** Data extracts follows **

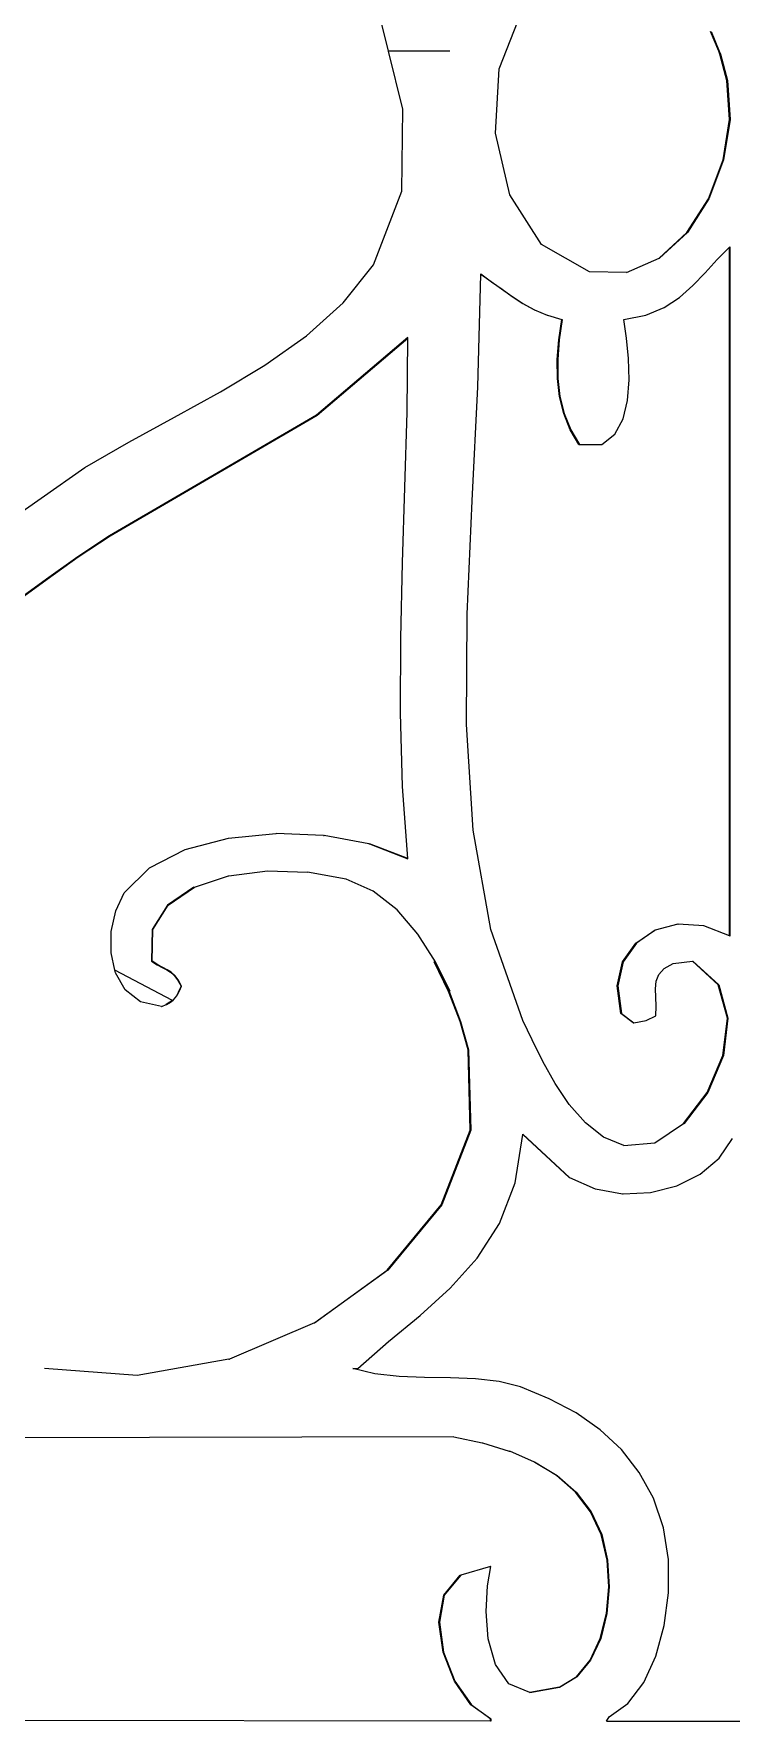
# Model space of a CAD drawing. Header units: inches. Extents: x 1397 to 20304, y -27267 to -746.
# Drawn here: x 17268.33 to 17272.81, y -23858.77 to -23847.91 of the extents above; entities that cross this region are included whole.
import ezdxf

# ---------------------------------------------------------------- set-up
doc = ezdxf.new("R2010")
doc.units = ezdxf.units.IN
doc.header["$LTSCALE"] = 17
doc.header["$MEASUREMENT"] = 0
doc.layers.add('25 BOT BAR', color=12, linetype='Continuous', lineweight=25)

# ---------------------------------------------------------------- blocks, each defined once
blk = doc.blocks.new('A$C261f3448')
for p, q in [((31.027, 13.737), (30.984, 13.911)), ((31.738, 13.624), (31.883, 13.995)), ((33.15, 13.737), (33.098, 13.863)), ((33.101, 13.863), (33.153, 13.737)), ((31.118, 13.365), (31.027, 13.737)), ((31.421, 13.737), (31.027, 13.737)), ((33.158, 13.718), (33.15, 13.737)), ((33.153, 13.737), (33.15, 13.737)), ((33.153, 13.737), (33.161, 13.718)), ((33.203, 13.548), (33.158, 13.718)), ((33.158, 13.718), (33.161, 13.718)), ((33.161, 13.718), (33.206, 13.548)), ((31.715, 13.209), (31.738, 13.624)), ((33.203, 13.548), (33.206, 13.548)), ((33.219, 13.298), (33.203, 13.548)), ((33.206, 13.548), (33.223, 13.298)), ((31.112, 12.836), (31.118, 13.365)), ((33.178, 13.037), (33.219, 13.298)), ((33.223, 13.298), (33.181, 13.037)), ((33.219, 13.298), (33.223, 13.298)), ((31.807, 12.812), (31.715, 13.209)), ((33.084, 12.788), (33.178, 13.037)), ((33.181, 13.037), (33.087, 12.788)), ((33.178, 13.037), (33.181, 13.037)), ((30.929, 12.362), (31.112, 12.836)), ((32.01, 12.494), (31.807, 12.812)), ((32.945, 12.57), (33.084, 12.788)), ((33.087, 12.788), (32.948, 12.57)), ((33.084, 12.788), (33.087, 12.788)), ((32.318, 12.318), (32.01, 12.494)), ((32.766, 12.405), (32.945, 12.57)), ((32.948, 12.57), (32.769, 12.405)), ((32.945, 12.57), (32.948, 12.57)), ((32.557, 12.314), (32.766, 12.405)), ((32.766, 12.405), (32.769, 12.405)), ((33.062, 12.312), (33.139, 12.397)), ((33.139, 12.397), (33.219, 12.476)), ((33.219, 12.476), (33.222, 12.479)), ((33.219, 8.045), (33.219, 12.476)), ((33.222, 12.479), (33.222, 8.044)), ((30.734, 12.119), (30.929, 12.362)), ((31.601, 11.577), (31.62, 12.301)), ((31.62, 12.304), (31.689, 12.254)), ((31.62, 12.301), (31.62, 12.304)), ((31.686, 12.254), (31.62, 12.301)), ((32.557, 12.314), (32.318, 12.318)), ((32.983, 12.229), (33.062, 12.312)), ((31.686, 12.254), (31.689, 12.254)), ((31.752, 12.205), (31.686, 12.254)), ((31.689, 12.254), (31.756, 12.205)), ((31.752, 12.205), (31.756, 12.205)), ((31.819, 12.158), (31.752, 12.205)), ((31.756, 12.205), (31.822, 12.158)), ((32.897, 12.153), (32.983, 12.229)), ((30.498, 11.906), (30.734, 12.119)), ((31.819, 12.158), (31.822, 12.158)), ((31.888, 12.114), (31.819, 12.158)), ((31.822, 12.158), (31.891, 12.114)), ((31.888, 12.114), (31.891, 12.114)), ((31.963, 12.074), (31.888, 12.114)), ((31.891, 12.114), (31.966, 12.074)), ((31.963, 12.074), (31.966, 12.074)), ((31.966, 12.074), (32.046, 12.039)), ((32.682, 12.039), (32.799, 12.088)), ((32.799, 12.088), (32.897, 12.153)), ((32.046, 12.039), (32.049, 12.039)), ((32.049, 12.039), (32.14, 12.011)), ((32.121, 11.88), (32.14, 12.011)), ((32.144, 12.011), (32.124, 11.88)), ((32.14, 12.011), (32.144, 12.011)), ((32.54, 12.011), (32.682, 12.039)), ((32.556, 11.891), (32.54, 12.011)), ((30.231, 11.717), (30.498, 11.906)), ((31.151, 11.894), (30.564, 11.396)), ((30.567, 11.396), (31.151, 11.891)), ((31.145, 11.414), (31.151, 11.891)), ((31.151, 11.891), (31.151, 11.894)), ((32.111, 11.753), (32.121, 11.88)), ((32.124, 11.88), (32.114, 11.753)), ((32.121, 11.88), (32.124, 11.88)), ((32.569, 11.759), (32.556, 11.891)), ((32.111, 11.753), (32.114, 11.753)), ((32.112, 11.632), (32.111, 11.753)), ((32.114, 11.753), (32.116, 11.632)), ((32.573, 11.622), (32.569, 11.759)), ((29.945, 11.545), (30.231, 11.717)), ((32.112, 11.632), (32.116, 11.632)), ((32.126, 11.516), (32.112, 11.632)), ((32.116, 11.632), (32.129, 11.516)), ((32.564, 11.49), (32.573, 11.622)), ((29.649, 11.382), (29.945, 11.545)), ((31.565, 10.844), (31.601, 11.577)), ((32.126, 11.516), (32.129, 11.516)), ((32.153, 11.406), (32.126, 11.516)), ((32.129, 11.516), (32.156, 11.406)), ((31.131, 10.93), (31.145, 11.414)), ((32.153, 11.406), (32.156, 11.406)), ((32.195, 11.302), (32.153, 11.406)), ((32.156, 11.406), (32.198, 11.302)), ((32.535, 11.371), (32.564, 11.49)), ((30.564, 11.396), (29.232, 10.62)), ((29.235, 10.62), (30.567, 11.396)), ((29.355, 11.222), (29.649, 11.382)), ((30.567, 11.396), (30.564, 11.396)), ((32.195, 11.302), (32.198, 11.302)), ((32.251, 11.206), (32.195, 11.302)), ((32.198, 11.302), (32.255, 11.206)), ((32.481, 11.273), (32.535, 11.371)), ((29.074, 11.059), (29.355, 11.222)), ((32.251, 11.206), (32.255, 11.206)), ((32.255, 11.206), (32.397, 11.206)), ((32.397, 11.206), (32.481, 11.273)), ((27.824, 10.183), (29.074, 11.059)), ((31.116, 10.445), (31.131, 10.93)), ((31.533, 10.116), (31.565, 10.844)), ((29.232, 10.62), (29.028, 10.483)), ((29.031, 10.483), (29.235, 10.62)), ((29.232, 10.62), (29.235, 10.62)), ((29.028, 10.483), (28.827, 10.341)), ((28.83, 10.341), (29.031, 10.483)), ((29.028, 10.483), (29.031, 10.483)), ((31.105, 9.961), (31.116, 10.445)), ((28.827, 10.341), (28.63, 10.196)), ((28.633, 10.196), (28.83, 10.341)), ((28.827, 10.341), (28.83, 10.341)), ((31.527, 9.405), (31.533, 10.116)), ((31.103, 9.481), (31.105, 9.961)), ((31.117, 9.007), (31.103, 9.481)), ((31.57, 8.725), (31.527, 9.405)), ((31.151, 8.543), (31.117, 9.007)), ((29.997, 8.674), (30.301, 8.704)), ((30.301, 8.704), (30.304, 8.704)), ((30.609, 8.692), (30.304, 8.704)), ((30.609, 8.692), (30.612, 8.692)), ((30.9, 8.637), (30.612, 8.692)), ((31.684, 8.086), (31.57, 8.725)), ((29.488, 8.483), (29.719, 8.601)), ((29.719, 8.601), (29.997, 8.674)), ((30.9, 8.637), (30.903, 8.637)), ((31.151, 8.543), (30.903, 8.637)), ((30.903, 8.637), (31.151, 8.541)), ((29.327, 8.322), (29.488, 8.483)), ((31.151, 8.541), (31.151, 8.543)), ((29.778, 8.359), (29.996, 8.431)), ((29.996, 8.431), (29.999, 8.431)), ((29.999, 8.431), (30.247, 8.463)), ((30.247, 8.463), (30.506, 8.455)), ((30.754, 8.41), (30.506, 8.455)), ((30.927, 8.334), (30.754, 8.41)), ((29.272, 8.206), (29.327, 8.322)), ((29.775, 8.359), (29.605, 8.244)), ((29.608, 8.244), (29.778, 8.359)), ((29.775, 8.359), (29.778, 8.359)), ((31.081, 8.212), (30.927, 8.334)), ((29.243, 8.073), (29.272, 8.206)), ((29.605, 8.244), (29.507, 8.086)), ((29.51, 8.086), (29.608, 8.244)), ((29.605, 8.244), (29.608, 8.244)), ((31.215, 8.057), (31.081, 8.212)), ((29.242, 7.937), (29.243, 8.073)), ((29.507, 8.086), (29.502, 7.883)), ((29.505, 7.883), (29.51, 8.086)), ((29.507, 8.086), (29.51, 8.086)), ((31.328, 7.878), (31.215, 8.057)), ((31.89, 7.502), (31.684, 8.086)), ((32.617, 7.999), (32.739, 8.082)), ((32.742, 8.082), (32.62, 7.999)), ((32.739, 8.082), (32.742, 8.082)), ((32.887, 8.121), (32.742, 8.082)), ((32.887, 8.121), (32.89, 8.121)), ((33.054, 8.11), (32.89, 8.121)), ((33.219, 8.045), (33.054, 8.11)), ((33.222, 8.044), (33.219, 8.045)), ((29.267, 7.825), (29.242, 7.937)), ((32.532, 7.878), (32.617, 7.999)), ((32.62, 7.999), (32.535, 7.878)), ((32.617, 7.999), (32.62, 7.999)), ((29.271, 7.808), (29.267, 7.825)), ((29.637, 7.63), (29.267, 7.825)), ((29.502, 7.883), (29.505, 7.883)), ((29.502, 7.883), (29.539, 7.859)), ((29.542, 7.859), (29.505, 7.883)), ((29.539, 7.859), (29.542, 7.859)), ((29.539, 7.859), (29.571, 7.841)), ((29.574, 7.841), (29.542, 7.859)), ((29.571, 7.841), (29.574, 7.841)), ((29.571, 7.841), (29.6, 7.827)), ((29.603, 7.827), (29.574, 7.841)), ((29.6, 7.827), (29.603, 7.827)), ((29.6, 7.827), (29.625, 7.811)), ((29.628, 7.811), (29.603, 7.827)), ((31.319, 7.878), (31.322, 7.878)), ((31.412, 7.687), (31.319, 7.878)), ((31.322, 7.878), (31.416, 7.687)), ((31.422, 7.687), (31.328, 7.878)), ((32.497, 7.725), (32.532, 7.878)), ((32.535, 7.878), (32.5, 7.725)), ((32.532, 7.878), (32.535, 7.878)), ((32.765, 7.797), (32.799, 7.835)), ((32.799, 7.835), (32.857, 7.868)), ((32.857, 7.868), (32.981, 7.882)), ((32.981, 7.882), (32.984, 7.883)), ((33.147, 7.731), (32.981, 7.882)), ((32.984, 7.883), (33.15, 7.731)), ((29.333, 7.699), (29.271, 7.808)), ((29.625, 7.811), (29.628, 7.811)), ((29.625, 7.811), (29.648, 7.791)), ((29.651, 7.791), (29.628, 7.811)), ((29.648, 7.791), (29.651, 7.791)), ((29.648, 7.791), (29.67, 7.762)), ((29.673, 7.762), (29.651, 7.791)), ((29.67, 7.762), (29.673, 7.762)), ((29.67, 7.762), (29.692, 7.722)), ((29.695, 7.722), (29.673, 7.762)), ((29.692, 7.722), (29.678, 7.691)), ((29.681, 7.691), (29.695, 7.722)), ((29.692, 7.722), (29.695, 7.722)), ((32.497, 7.725), (32.5, 7.725)), ((32.521, 7.546), (32.497, 7.725)), ((32.5, 7.725), (32.524, 7.546)), ((32.744, 7.705), (32.748, 7.754)), ((32.748, 7.754), (32.765, 7.797)), ((33.147, 7.731), (33.15, 7.731)), ((33.206, 7.517), (33.147, 7.731)), ((33.15, 7.731), (33.209, 7.517)), ((29.43, 7.622), (29.333, 7.699)), ((29.565, 7.59), (29.43, 7.622)), ((29.568, 7.59), (29.596, 7.604)), ((29.62, 7.618), (29.596, 7.604)), ((29.596, 7.604), (29.599, 7.604)), ((29.599, 7.604), (29.623, 7.618)), ((29.637, 7.63), (29.62, 7.618)), ((29.62, 7.618), (29.623, 7.618)), ((29.623, 7.618), (29.642, 7.632)), ((29.639, 7.632), (29.637, 7.63)), ((29.653, 7.648), (29.639, 7.632)), ((29.639, 7.632), (29.642, 7.632)), ((29.642, 7.632), (29.656, 7.648)), ((29.666, 7.667), (29.653, 7.648)), ((29.653, 7.648), (29.656, 7.648)), ((29.656, 7.648), (29.669, 7.667)), ((29.678, 7.691), (29.666, 7.667)), ((29.666, 7.667), (29.669, 7.667)), ((29.669, 7.667), (29.681, 7.691)), ((29.678, 7.691), (29.681, 7.691)), ((31.412, 7.687), (31.416, 7.687)), ((31.486, 7.495), (31.412, 7.687)), ((31.416, 7.687), (31.489, 7.495)), ((32.746, 7.652), (32.744, 7.705)), ((32.748, 7.594), (32.746, 7.652)), ((29.565, 7.59), (29.568, 7.59)), ((29.566, 7.59), (29.568, 7.59)), ((31.486, 7.495), (31.489, 7.495)), ((31.538, 7.312), (31.486, 7.495)), ((31.489, 7.495), (31.541, 7.312)), ((31.949, 7.376), (31.89, 7.502)), ((32.521, 7.546), (32.524, 7.546)), ((32.6, 7.487), (32.521, 7.546)), ((32.524, 7.546), (32.603, 7.487)), ((32.603, 7.487), (32.683, 7.502)), ((32.683, 7.502), (32.746, 7.531)), ((32.746, 7.531), (32.748, 7.594)), ((33.177, 7.275), (33.206, 7.517)), ((33.209, 7.517), (33.18, 7.275)), ((33.206, 7.517), (33.209, 7.517)), ((32.6, 7.487), (32.603, 7.487)), ((31.538, 7.312), (31.541, 7.312)), ((31.552, 6.795), (31.538, 7.312)), ((31.541, 7.312), (31.555, 6.795)), ((32.018, 7.237), (31.949, 7.376)), ((33.076, 7.037), (33.177, 7.275)), ((33.18, 7.275), (33.079, 7.037)), ((33.177, 7.275), (33.18, 7.275)), ((32.097, 7.095), (32.018, 7.237)), ((32.188, 6.96), (32.097, 7.095)), ((32.292, 6.842), (32.188, 6.96)), ((32.924, 6.839), (33.076, 7.037)), ((33.079, 7.037), (32.927, 6.839)), ((33.076, 7.037), (33.079, 7.037)), ((32.408, 6.751), (32.292, 6.842)), ((31.365, 6.315), (31.552, 6.795)), ((31.555, 6.795), (31.368, 6.315)), ((31.552, 6.795), (31.555, 6.795)), ((31.841, 6.457), (31.889, 6.768)), ((31.889, 6.768), (31.89, 6.77)), ((32.188, 6.492), (31.889, 6.768)), ((31.89, 6.77), (32.191, 6.492)), ((32.54, 6.697), (32.408, 6.751)), ((32.738, 6.714), (32.924, 6.839)), ((32.927, 6.839), (32.741, 6.714)), ((32.924, 6.839), (32.927, 6.839)), ((33.153, 6.615), (33.238, 6.741)), ((32.54, 6.697), (32.738, 6.714)), ((32.738, 6.714), (32.741, 6.714)), ((33.031, 6.513), (33.153, 6.615)), ((31.739, 6.195), (31.841, 6.457)), ((32.188, 6.492), (32.191, 6.492)), ((32.191, 6.492), (32.355, 6.417)), ((32.355, 6.417), (32.358, 6.417)), ((32.358, 6.417), (32.532, 6.386)), ((32.712, 6.395), (32.881, 6.438)), ((32.881, 6.438), (33.031, 6.513)), ((31.018, 5.894), (31.365, 6.315)), ((31.368, 6.315), (31.021, 5.894)), ((31.365, 6.315), (31.368, 6.315)), ((32.532, 6.386), (32.535, 6.386)), ((32.535, 6.386), (32.712, 6.395)), ((31.596, 5.973), (31.739, 6.195)), ((31.422, 5.78), (31.596, 5.973)), ((30.55, 5.556), (31.018, 5.894)), ((31.021, 5.894), (30.553, 5.556)), ((31.018, 5.894), (31.021, 5.894)), ((31.229, 5.604), (31.422, 5.78)), ((30.55, 5.556), (30.003, 5.322)), ((30.55, 5.556), (30.553, 5.556)), ((31.027, 5.436), (31.229, 5.604)), ((30.828, 5.262), (31.027, 5.436)), ((30, 5.322), (29.41, 5.217)), ((30, 5.322), (30.003, 5.322)), ((29.41, 5.217), (28.814, 5.262)), ((30.938, 5.227), (30.796, 5.262)), ((30.796, 5.262), (30.828, 5.262)), ((31.095, 5.21), (30.938, 5.227)), ((31.258, 5.204), (31.095, 5.21)), ((31.424, 5.202), (31.258, 5.204)), ((31.586, 5.196), (31.424, 5.202)), ((31.738, 5.179), (31.586, 5.196)), ((31.874, 5.145), (31.738, 5.179)), ((32.06, 5.068), (31.874, 5.145)), ((32.232, 4.976), (32.06, 5.068)), ((32.388, 4.868), (32.232, 4.976)), ((31.446, 4.823), (24.628, 4.808)), ((31.446, 4.823), (31.628, 4.784)), ((31.628, 4.784), (31.631, 4.784)), ((31.631, 4.784), (31.803, 4.73)), ((32.525, 4.741), (32.388, 4.868)), ((31.803, 4.73), (31.806, 4.73)), ((31.964, 4.66), (31.806, 4.73)), ((32.639, 4.594), (32.525, 4.741)), ((32.107, 4.573), (31.964, 4.66)), ((31.964, 4.66), (31.967, 4.66)), ((31.967, 4.66), (32.11, 4.573)), ((32.107, 4.573), (32.11, 4.573)), ((32.229, 4.467), (32.107, 4.573)), ((32.11, 4.573), (32.232, 4.467)), ((32.73, 4.427), (32.639, 4.594)), ((32.229, 4.467), (32.232, 4.467)), ((32.326, 4.341), (32.229, 4.467)), ((32.232, 4.467), (32.329, 4.341)), ((32.794, 4.237), (32.73, 4.427)), ((32.326, 4.341), (32.329, 4.341)), ((32.394, 4.194), (32.326, 4.341)), ((32.329, 4.341), (32.397, 4.194)), ((32.826, 4.033), (32.794, 4.237)), ((32.394, 4.194), (32.397, 4.194)), ((32.432, 4.03), (32.394, 4.194)), ((32.397, 4.194), (32.435, 4.03)), ((32.432, 4.03), (32.435, 4.03)), ((32.443, 3.857), (32.432, 4.03)), ((32.435, 4.03), (32.446, 3.857)), ((32.827, 3.819), (32.826, 4.033)), ((31.382, 3.804), (31.488, 3.932)), ((31.491, 3.932), (31.385, 3.804)), ((31.488, 3.932), (31.491, 3.932)), ((31.681, 3.989), (31.491, 3.932)), ((31.662, 3.863), (31.684, 3.989)), ((31.681, 3.989), (31.68, 3.988)), ((31.681, 3.989), (31.684, 3.989)), ((31.35, 3.63), (31.382, 3.804)), ((31.385, 3.804), (31.353, 3.63)), ((31.382, 3.804), (31.385, 3.804)), ((31.654, 3.699), (31.662, 3.863)), ((32.428, 3.685), (32.443, 3.857)), ((32.446, 3.857), (32.431, 3.685)), ((32.443, 3.857), (32.446, 3.857)), ((32.8, 3.609), (32.827, 3.819)), ((31.668, 3.522), (31.654, 3.699)), ((31.35, 3.63), (31.353, 3.63)), ((31.377, 3.437), (31.35, 3.63)), ((31.353, 3.63), (31.38, 3.437)), ((32.388, 3.525), (32.428, 3.685)), ((32.431, 3.685), (32.391, 3.525)), ((32.428, 3.685), (32.431, 3.685)), ((32.746, 3.412), (32.8, 3.609)), ((31.714, 3.358), (31.668, 3.522)), ((32.323, 3.386), (32.388, 3.525)), ((32.391, 3.525), (32.326, 3.386)), ((32.388, 3.525), (32.391, 3.525)), ((31.377, 3.437), (31.38, 3.437)), ((31.45, 3.251), (31.377, 3.437)), ((31.38, 3.437), (31.453, 3.251)), ((32.235, 3.279), (32.323, 3.386)), ((32.326, 3.386), (32.238, 3.279)), ((32.323, 3.386), (32.326, 3.386)), ((32.668, 3.242), (32.746, 3.412)), ((31.8, 3.234), (31.714, 3.358)), ((32.125, 3.213), (32.235, 3.279)), ((32.238, 3.279), (32.128, 3.213)), ((32.235, 3.279), (32.238, 3.279)), ((31.45, 3.251), (31.453, 3.251)), ((31.556, 3.099), (31.45, 3.251)), ((31.453, 3.251), (31.559, 3.099)), ((31.934, 3.177), (31.8, 3.234)), ((31.934, 3.177), (32.125, 3.213)), ((31.935, 3.177), (31.934, 3.177)), ((32.125, 3.213), (31.935, 3.177)), ((32.125, 3.213), (32.128, 3.213)), ((32.566, 3.108), (32.668, 3.242)), ((31.556, 3.099), (31.559, 3.099)), ((31.681, 3.008), (31.556, 3.099)), ((31.559, 3.099), (31.684, 3.008)), ((32.445, 3.022), (32.566, 3.108)), ((31.681, 2.993), (20.014, 3.008)), ((31.681, 3.008), (31.684, 3.008)), ((31.681, 2.993), (31.681, 3.008)), ((31.684, 2.993), (31.681, 2.993)), ((31.684, 3.008), (31.684, 2.993)), ((32.429, 2.993), (32.445, 3.022)), ((32.429, 2.993), (34.979, 2.993))]:
    blk.add_line(p, q)

msp = doc.modelspace()

# ---------------------------------------------------------------- block references
at = {"layer": '25 BOT BAR'}
msp.add_blockref('A$C261f3448', (17239.583, -23861.759), dxfattribs=at)

doc.saveas('drawing.dxf')

** End of Data extracts **

◆ **Instructions for the task**: The reply must consist solely of the lines from the one containing "blk.add_line(p, q)" through the last line of the data, reproduced exactly.

◆ **Exercise answer**:
    blk.add_line(p, q)

msp = doc.modelspace()

# ---------------------------------------------------------------- block references
at = {"layer": '25 BOT BAR'}
msp.add_blockref('A$C261f3448', (17239.583, -23861.759), dxfattribs=at)

doc.saveas('drawing.dxf')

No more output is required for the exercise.